They are innately good with technology despite living under water and therefore having no ability to develop technology of their own.

A thing that happens sometimes is that someone's radio will fuck up and they can't fix it. So they leave it near one of the deep rock pools at dusk for when the tide comes in. They also leave a double bacon cheese burger and two portions of fries next to it as payment. When the tide goes out next time a fully functioning radio will be there wrapped in old food wrappers.

They hybrids either end up as nearly fully human with a bit of fish in them or nearly total fish with a bit of human in them.

Presumably they live in the deep water on the other side of the reef. If the tide is high on the night of a full moon you can hear them singing.

youtube.com/watch?v=BRAUKhZDoZQ&ab_channel=illuminatus3125

With Veeky Forums's preoccupation with fucking what's normally considered unfuckable, and /d/'s existence, there's probably people out there who'd fuck the creature from the Black Lagoon, so whatever a Deep One looks like they're probably solid if they can reach those freaks.

But, yeah, one Lovecraft story's "horrifying" conclusion is that a guy's wife was secretly black and could pass for white. I mean, she was also a witch, but she was cursing the southern antebellum family that was kind of keeping her own family in literal chains and torture. Even if that wasn't justifiable, those are some perfectly understandable reasons. And, I mean, passing as white is preferable to living as black for the very reasons Lovecraft found it so shocking, it sucks living as a black person.

The way the "Innsmouth Look" worked was that it got progressively more fishlike as the person aged. Kids could be born perfectly human, but develop the fish features later on. Some never actually went full fish, or even developed fishy traits at all, and spent their time above the water in the town. Some were even amphibious for a time, heading in and out of the water as they want, though most became aquatic as they hit the ocean.

Still, some get stuck in various stages or even revert back to previous stages, as the "half" part was an imperfect mix and took differently in some individuals. Some Deep Ones breeding in the deep might have even had kids who needed to live on land, the human bits of either producing an offspring more human than Deep One.

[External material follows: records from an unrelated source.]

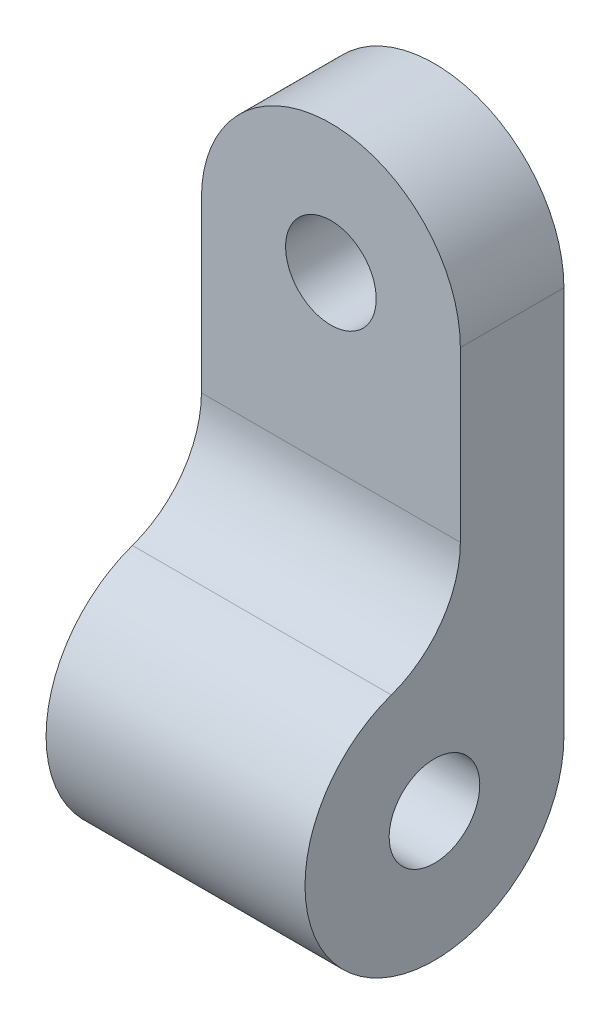
ISO-10303-21;
HEADER;
FILE_DESCRIPTION(('STEP AP214'),'2;1');
FILE_NAME('part.step','',(''),(''),'','','');
FILE_SCHEMA(('AUTOMOTIVE_DESIGN { 1 0 10303 214 1 1 1 1 }'));
ENDSEC;
DATA;
#1=APPLICATION_CONTEXT('core data for automotive mechanical design processes');
#2=APPLICATION_PROTOCOL_DEFINITION('international standard','automotive_design',2000,#1);
#3=PRODUCT_CONTEXT('',#1,'mechanical');
#4=PRODUCT('Part','Part','',(#3));
#5=PRODUCT_RELATED_PRODUCT_CATEGORY('part','',(#4));
#6=PRODUCT_DEFINITION_FORMATION('','',#4);
#7=PRODUCT_DEFINITION_CONTEXT('part definition',#1,'design');
#8=PRODUCT_DEFINITION('design','',#6,#7);
#9=PRODUCT_DEFINITION_SHAPE('','',#8);
#10=(LENGTH_UNIT() NAMED_UNIT(*) SI_UNIT(.MILLI.,.METRE.));
#11=(NAMED_UNIT(*) PLANE_ANGLE_UNIT() SI_UNIT($,.RADIAN.));
#12=(NAMED_UNIT(*) SI_UNIT($,.STERADIAN.) SOLID_ANGLE_UNIT());
#13=UNCERTAINTY_MEASURE_WITH_UNIT(LENGTH_MEASURE(1.E-05),#10,'distance_accuracy_value','');
#14=(GEOMETRIC_REPRESENTATION_CONTEXT(3) GLOBAL_UNCERTAINTY_ASSIGNED_CONTEXT((#13)) GLOBAL_UNIT_ASSIGNED_CONTEXT((#10,
#11,#12)) REPRESENTATION_CONTEXT('',''));
#15=CARTESIAN_POINT('',(0.,0.,0.));
#16=DIRECTION('',(0.,0.,1.));
#17=DIRECTION('',(1.,0.,0.));
#18=AXIS2_PLACEMENT_3D('',#15,#16,#17);
#19=CARTESIAN_POINT('',(-5.,0.,10.));
#20=DIRECTION('',(1.,0.,0.));
#21=DIRECTION('',(0.,1.,0.));
#22=AXIS2_PLACEMENT_3D('',#19,#20,#21);
#23=PLANE('',#22);
#24=CARTESIAN_POINT('',(-5.,-15.,5.));
#25=DIRECTION('',(-1.,0.,0.));
#26=DIRECTION('',(0.,-1.,0.));
#27=AXIS2_PLACEMENT_3D('',#24,#25,#26);
#28=CIRCLE('',#27,1.75);
#29=CARTESIAN_POINT('',(-5.,-16.75,5.));
#30=VERTEX_POINT('',#29);
#31=EDGE_CURVE('E234',#30,#30,#28,.T.);
#32=ORIENTED_EDGE('',*,*,#31,.F.);
#33=EDGE_LOOP('',(#32));
#34=FACE_BOUND('',#33,.T.);
#35=DIRECTION('',(0.,-1.,0.));
#36=VECTOR('',#35,1.);
#37=CARTESIAN_POINT('',(-5.,0.,0.));
#38=LINE('',#37,#36);
#39=CARTESIAN_POINT('',(-5.,0.,0.));
#40=VERTEX_POINT('',#39);
#41=CARTESIAN_POINT('',(-5.,-15.,0.));
#42=VERTEX_POINT('',#41);
#43=EDGE_CURVE('E213',#40,#42,#38,.T.);
#44=ORIENTED_EDGE('',*,*,#43,.T.);
#45=CARTESIAN_POINT('',(-5.,-15.,5.));
#46=DIRECTION('',(-1.,0.,0.));
#47=DIRECTION('',(0.,-1.,0.));
#48=AXIS2_PLACEMENT_3D('',#45,#46,#47);
#49=CIRCLE('',#48,5.);
#50=CARTESIAN_POINT('',(-5.,-10.2859547920897,6.66666666666667));
#51=VERTEX_POINT('',#50);
#52=EDGE_CURVE('E201',#42,#51,#49,.T.);
#53=ORIENTED_EDGE('',*,*,#52,.T.);
#54=CARTESIAN_POINT('',(-5.,-6.51471862576143,8.));
#55=DIRECTION('',(-1.,0.,0.));
#56=DIRECTION('',(0.,-1.,0.));
#57=AXIS2_PLACEMENT_3D('',#54,#55,#56);
#58=CIRCLE('',#57,4.);
#59=CARTESIAN_POINT('',(-5.,-6.51471862576143,4.));
#60=VERTEX_POINT('',#59);
#61=EDGE_CURVE('E229',#60,#51,#58,.T.);
#62=ORIENTED_EDGE('',*,*,#61,.F.);
#63=DIRECTION('',(0.,-1.,0.));
#64=VECTOR('',#63,1.);
#65=CARTESIAN_POINT('',(-5.,0.,4.));
#66=LINE('',#65,#64);
#67=CARTESIAN_POINT('',(-5.,0.,4.));
#68=VERTEX_POINT('',#67);
#69=EDGE_CURVE('E205',#68,#60,#66,.T.);
#70=ORIENTED_EDGE('',*,*,#69,.F.);
#71=DIRECTION('',(0.,0.,-1.));
#72=VECTOR('',#71,1.);
#73=CARTESIAN_POINT('',(-5.,0.,10.));
#74=LINE('',#73,#72);
#75=EDGE_CURVE('E12',#68,#40,#74,.T.);
#76=ORIENTED_EDGE('',*,*,#75,.T.);
#77=EDGE_LOOP('',(#44,#53,#62,#70,#76));
#78=FACE_BOUND('',#77,.T.);
#79=ADVANCED_FACE('F142',(#34,#78),#23,.F.);
#80=CARTESIAN_POINT('',(5.,-20.,10.));
#81=DIRECTION('',(-1.,0.,0.));
#82=DIRECTION('',(0.,-1.,0.));
#83=AXIS2_PLACEMENT_3D('',#80,#81,#82);
#84=PLANE('',#83);
#85=CARTESIAN_POINT('',(5.,-15.,5.));
#86=DIRECTION('',(-1.,0.,0.));
#87=DIRECTION('',(0.,-1.,0.));
#88=AXIS2_PLACEMENT_3D('',#85,#86,#87);
#89=CIRCLE('',#88,1.75);
#90=CARTESIAN_POINT('',(5.,-16.75,5.));
#91=VERTEX_POINT('',#90);
#92=EDGE_CURVE('E206',#91,#91,#89,.T.);
#93=ORIENTED_EDGE('',*,*,#92,.T.);
#94=EDGE_LOOP('',(#93));
#95=FACE_BOUND('',#94,.T.);
#96=CARTESIAN_POINT('',(5.,-15.,5.));
#97=DIRECTION('',(-1.,0.,0.));
#98=DIRECTION('',(0.,-1.,0.));
#99=AXIS2_PLACEMENT_3D('',#96,#97,#98);
#100=CIRCLE('',#99,5.);
#101=CARTESIAN_POINT('',(5.,-15.,0.));
#102=VERTEX_POINT('',#101);
#103=CARTESIAN_POINT('',(5.,-10.2859547920897,6.66666666666667));
#104=VERTEX_POINT('',#103);
#105=EDGE_CURVE('E189',#102,#104,#100,.T.);
#106=ORIENTED_EDGE('',*,*,#105,.F.);
#107=DIRECTION('',(0.,1.,0.));
#108=VECTOR('',#107,1.);
#109=CARTESIAN_POINT('',(5.,-20.,0.));
#110=LINE('',#109,#108);
#111=CARTESIAN_POINT('',(5.,0.,0.));
#112=VERTEX_POINT('',#111);
#113=EDGE_CURVE('E166',#102,#112,#110,.T.);
#114=ORIENTED_EDGE('',*,*,#113,.T.);
#115=DIRECTION('',(0.,0.,-1.));
#116=VECTOR('',#115,1.);
#117=CARTESIAN_POINT('',(5.,0.,10.));
#118=LINE('',#117,#116);
#119=CARTESIAN_POINT('',(5.,0.,4.));
#120=VERTEX_POINT('',#119);
#121=EDGE_CURVE('E151',#120,#112,#118,.T.);
#122=ORIENTED_EDGE('',*,*,#121,.F.);
#123=DIRECTION('',(0.,-1.,0.));
#124=VECTOR('',#123,1.);
#125=CARTESIAN_POINT('',(5.,0.,4.));
#126=LINE('',#125,#124);
#127=CARTESIAN_POINT('',(5.,-6.51471862576143,4.));
#128=VERTEX_POINT('',#127);
#129=EDGE_CURVE('E228',#120,#128,#126,.T.);
#130=ORIENTED_EDGE('',*,*,#129,.T.);
#131=CARTESIAN_POINT('',(5.,-6.51471862576143,8.));
#132=DIRECTION('',(-1.,0.,0.));
#133=DIRECTION('',(0.,-1.,0.));
#134=AXIS2_PLACEMENT_3D('',#131,#132,#133);
#135=CIRCLE('',#134,4.);
#136=EDGE_CURVE('E193',#128,#104,#135,.T.);
#137=ORIENTED_EDGE('',*,*,#136,.T.);
#138=EDGE_LOOP('',(#106,#114,#122,#130,#137));
#139=FACE_BOUND('',#138,.T.);
#140=ADVANCED_FACE('F191',(#95,#139),#84,.F.);
#141=CARTESIAN_POINT('',(0.,0.,0.));
#142=DIRECTION('',(0.,0.,1.));
#143=DIRECTION('',(1.,0.,0.));
#144=AXIS2_PLACEMENT_3D('',#141,#142,#143);
#145=PLANE('',#144);
#146=ORIENTED_EDGE('',*,*,#113,.F.);
#147=DIRECTION('',(-1.,0.,0.));
#148=VECTOR('',#147,1.);
#149=CARTESIAN_POINT('',(5.,-15.,0.));
#150=LINE('',#149,#148);
#151=EDGE_CURVE('E198',#102,#42,#150,.T.);
#152=ORIENTED_EDGE('',*,*,#151,.T.);
#153=ORIENTED_EDGE('',*,*,#43,.F.);
#154=CARTESIAN_POINT('',(0.,0.,0.));
#155=DIRECTION('',(0.,0.,1.));
#156=DIRECTION('',(1.,0.,0.));
#157=AXIS2_PLACEMENT_3D('',#154,#155,#156);
#158=CIRCLE('',#157,5.);
#159=EDGE_CURVE('E212',#112,#40,#158,.T.);
#160=ORIENTED_EDGE('',*,*,#159,.F.);
#161=EDGE_LOOP('',(#146,#152,#153,#160));
#162=FACE_BOUND('',#161,.T.);
#163=CARTESIAN_POINT('',(0.,0.,0.));
#164=DIRECTION('',(0.,0.,1.));
#165=DIRECTION('',(1.,0.,0.));
#166=AXIS2_PLACEMENT_3D('',#163,#164,#165);
#167=CIRCLE('',#166,1.75);
#168=CARTESIAN_POINT('',(1.75,0.,0.));
#169=VERTEX_POINT('',#168);
#170=EDGE_CURVE('E219',#169,#169,#167,.T.);
#171=ORIENTED_EDGE('',*,*,#170,.T.);
#172=EDGE_LOOP('',(#171));
#173=FACE_BOUND('',#172,.T.);
#174=ADVANCED_FACE('F209',(#162,#173),#145,.F.);
#175=CARTESIAN_POINT('',(0.,0.,10.));
#176=DIRECTION('',(0.,0.,-1.));
#177=DIRECTION('',(-1.,0.,0.));
#178=AXIS2_PLACEMENT_3D('',#175,#176,#177);
#179=CYLINDRICAL_SURFACE('',#178,5.);
#180=CARTESIAN_POINT('',(0.,0.,4.));
#181=DIRECTION('',(0.,0.,-1.));
#182=DIRECTION('',(0.,1.,0.));
#183=AXIS2_PLACEMENT_3D('',#180,#181,#182);
#184=CIRCLE('',#183,5.);
#185=EDGE_CURVE('E222',#68,#120,#184,.T.);
#186=ORIENTED_EDGE('',*,*,#185,.T.);
#187=ORIENTED_EDGE('',*,*,#121,.T.);
#188=ORIENTED_EDGE('',*,*,#159,.T.);
#189=ORIENTED_EDGE('',*,*,#75,.F.);
#190=EDGE_LOOP('',(#186,#187,#188,#189));
#191=FACE_BOUND('',#190,.T.);
#192=ADVANCED_FACE('F144',(#191),#179,.T.);
#193=CARTESIAN_POINT('',(0.,0.,10.));
#194=DIRECTION('',(0.,0.,-1.));
#195=DIRECTION('',(-1.,0.,0.));
#196=AXIS2_PLACEMENT_3D('',#193,#194,#195);
#197=CYLINDRICAL_SURFACE('',#196,1.75);
#198=CARTESIAN_POINT('',(0.,0.,4.));
#199=DIRECTION('',(0.,0.,-1.));
#200=DIRECTION('',(0.,1.,0.));
#201=AXIS2_PLACEMENT_3D('',#198,#199,#200);
#202=CIRCLE('',#201,1.75);
#203=CARTESIAN_POINT('',(0.,1.75,4.));
#204=VERTEX_POINT('',#203);
#205=EDGE_CURVE('E146',#204,#204,#202,.T.);
#206=ORIENTED_EDGE('',*,*,#205,.F.);
#207=EDGE_LOOP('',(#206));
#208=FACE_BOUND('',#207,.T.);
#209=ORIENTED_EDGE('',*,*,#170,.F.);
#210=EDGE_LOOP('',(#209));
#211=FACE_BOUND('',#210,.T.);
#212=ADVANCED_FACE('F266',(#208,#211),#197,.F.);
#213=CARTESIAN_POINT('',(5.,0.,4.));
#214=DIRECTION('',(0.,0.,-1.));
#215=DIRECTION('',(0.,1.,0.));
#216=AXIS2_PLACEMENT_3D('',#213,#214,#215);
#217=PLANE('',#216);
#218=ORIENTED_EDGE('',*,*,#205,.T.);
#219=EDGE_LOOP('',(#218));
#220=FACE_BOUND('',#219,.T.);
#221=ORIENTED_EDGE('',*,*,#185,.F.);
#222=ORIENTED_EDGE('',*,*,#69,.T.);
#223=DIRECTION('',(-1.,0.,0.));
#224=VECTOR('',#223,1.);
#225=CARTESIAN_POINT('',(5.,-6.51471862576143,4.));
#226=LINE('',#225,#224);
#227=EDGE_CURVE('E195',#128,#60,#226,.T.);
#228=ORIENTED_EDGE('',*,*,#227,.F.);
#229=ORIENTED_EDGE('',*,*,#129,.F.);
#230=EDGE_LOOP('',(#221,#222,#228,#229));
#231=FACE_BOUND('',#230,.T.);
#232=ADVANCED_FACE('F256',(#220,#231),#217,.F.);
#233=CARTESIAN_POINT('',(5.,-15.,5.));
#234=DIRECTION('',(-1.,0.,0.));
#235=DIRECTION('',(0.,-1.,0.));
#236=AXIS2_PLACEMENT_3D('',#233,#234,#235);
#237=CYLINDRICAL_SURFACE('',#236,5.);
#238=ORIENTED_EDGE('',*,*,#52,.F.);
#239=ORIENTED_EDGE('',*,*,#151,.F.);
#240=ORIENTED_EDGE('',*,*,#105,.T.);
#241=DIRECTION('',(-1.,0.,0.));
#242=VECTOR('',#241,1.);
#243=CARTESIAN_POINT('',(5.,-10.2859547920897,6.66666666666667));
#244=LINE('',#243,#242);
#245=EDGE_CURVE('E158',#104,#51,#244,.T.);
#246=ORIENTED_EDGE('',*,*,#245,.T.);
#247=EDGE_LOOP('',(#238,#239,#240,#246));
#248=FACE_BOUND('',#247,.T.);
#249=ADVANCED_FACE('F199',(#248),#237,.T.);
#250=CARTESIAN_POINT('',(5.,-6.51471862576143,8.));
#251=DIRECTION('',(-1.,0.,0.));
#252=DIRECTION('',(0.,-1.,0.));
#253=AXIS2_PLACEMENT_3D('',#250,#251,#252);
#254=CYLINDRICAL_SURFACE('',#253,4.);
#255=ORIENTED_EDGE('',*,*,#61,.T.);
#256=ORIENTED_EDGE('',*,*,#245,.F.);
#257=ORIENTED_EDGE('',*,*,#136,.F.);
#258=ORIENTED_EDGE('',*,*,#227,.T.);
#259=EDGE_LOOP('',(#255,#256,#257,#258));
#260=FACE_BOUND('',#259,.T.);
#261=ADVANCED_FACE('F244',(#260),#254,.F.);
#262=CARTESIAN_POINT('',(5.,-15.,5.));
#263=DIRECTION('',(-1.,0.,0.));
#264=DIRECTION('',(0.,-1.,0.));
#265=AXIS2_PLACEMENT_3D('',#262,#263,#264);
#266=CYLINDRICAL_SURFACE('',#265,1.75);
#267=ORIENTED_EDGE('',*,*,#92,.F.);
#268=EDGE_LOOP('',(#267));
#269=FACE_BOUND('',#268,.T.);
#270=ORIENTED_EDGE('',*,*,#31,.T.);
#271=EDGE_LOOP('',(#270));
#272=FACE_BOUND('',#271,.T.);
#273=ADVANCED_FACE('F241',(#269,#272),#266,.F.);
#274=CLOSED_SHELL('',(#79,#140,#174,#192,#212,#232,#249,#261,#273));
#275=MANIFOLD_SOLID_BREP('B2',#274);
#276=ADVANCED_BREP_SHAPE_REPRESENTATION('',(#18,#275),#14);
#277=SHAPE_DEFINITION_REPRESENTATION(#9,#276);
ENDSEC;
END-ISO-10303-21;

But for the most part they had a baseline "normal" even if exceptions were uncommon, which was usually being born human and turning fishy with age, eventually becoming a full Deep One in appearance. What surprised me is that exceptions are tolerated, and even cared for or given a place in society. Lovecraft, of course, though deformity was spooky and evil, so he often had the bad guys be diverse and tolerant of deviation, but in the context of the Deep Ones it makes them look downright hospitable and accommodating. Can't breathe water and join us down there? Don't worry, we'll make sure everyone's cared for up on land.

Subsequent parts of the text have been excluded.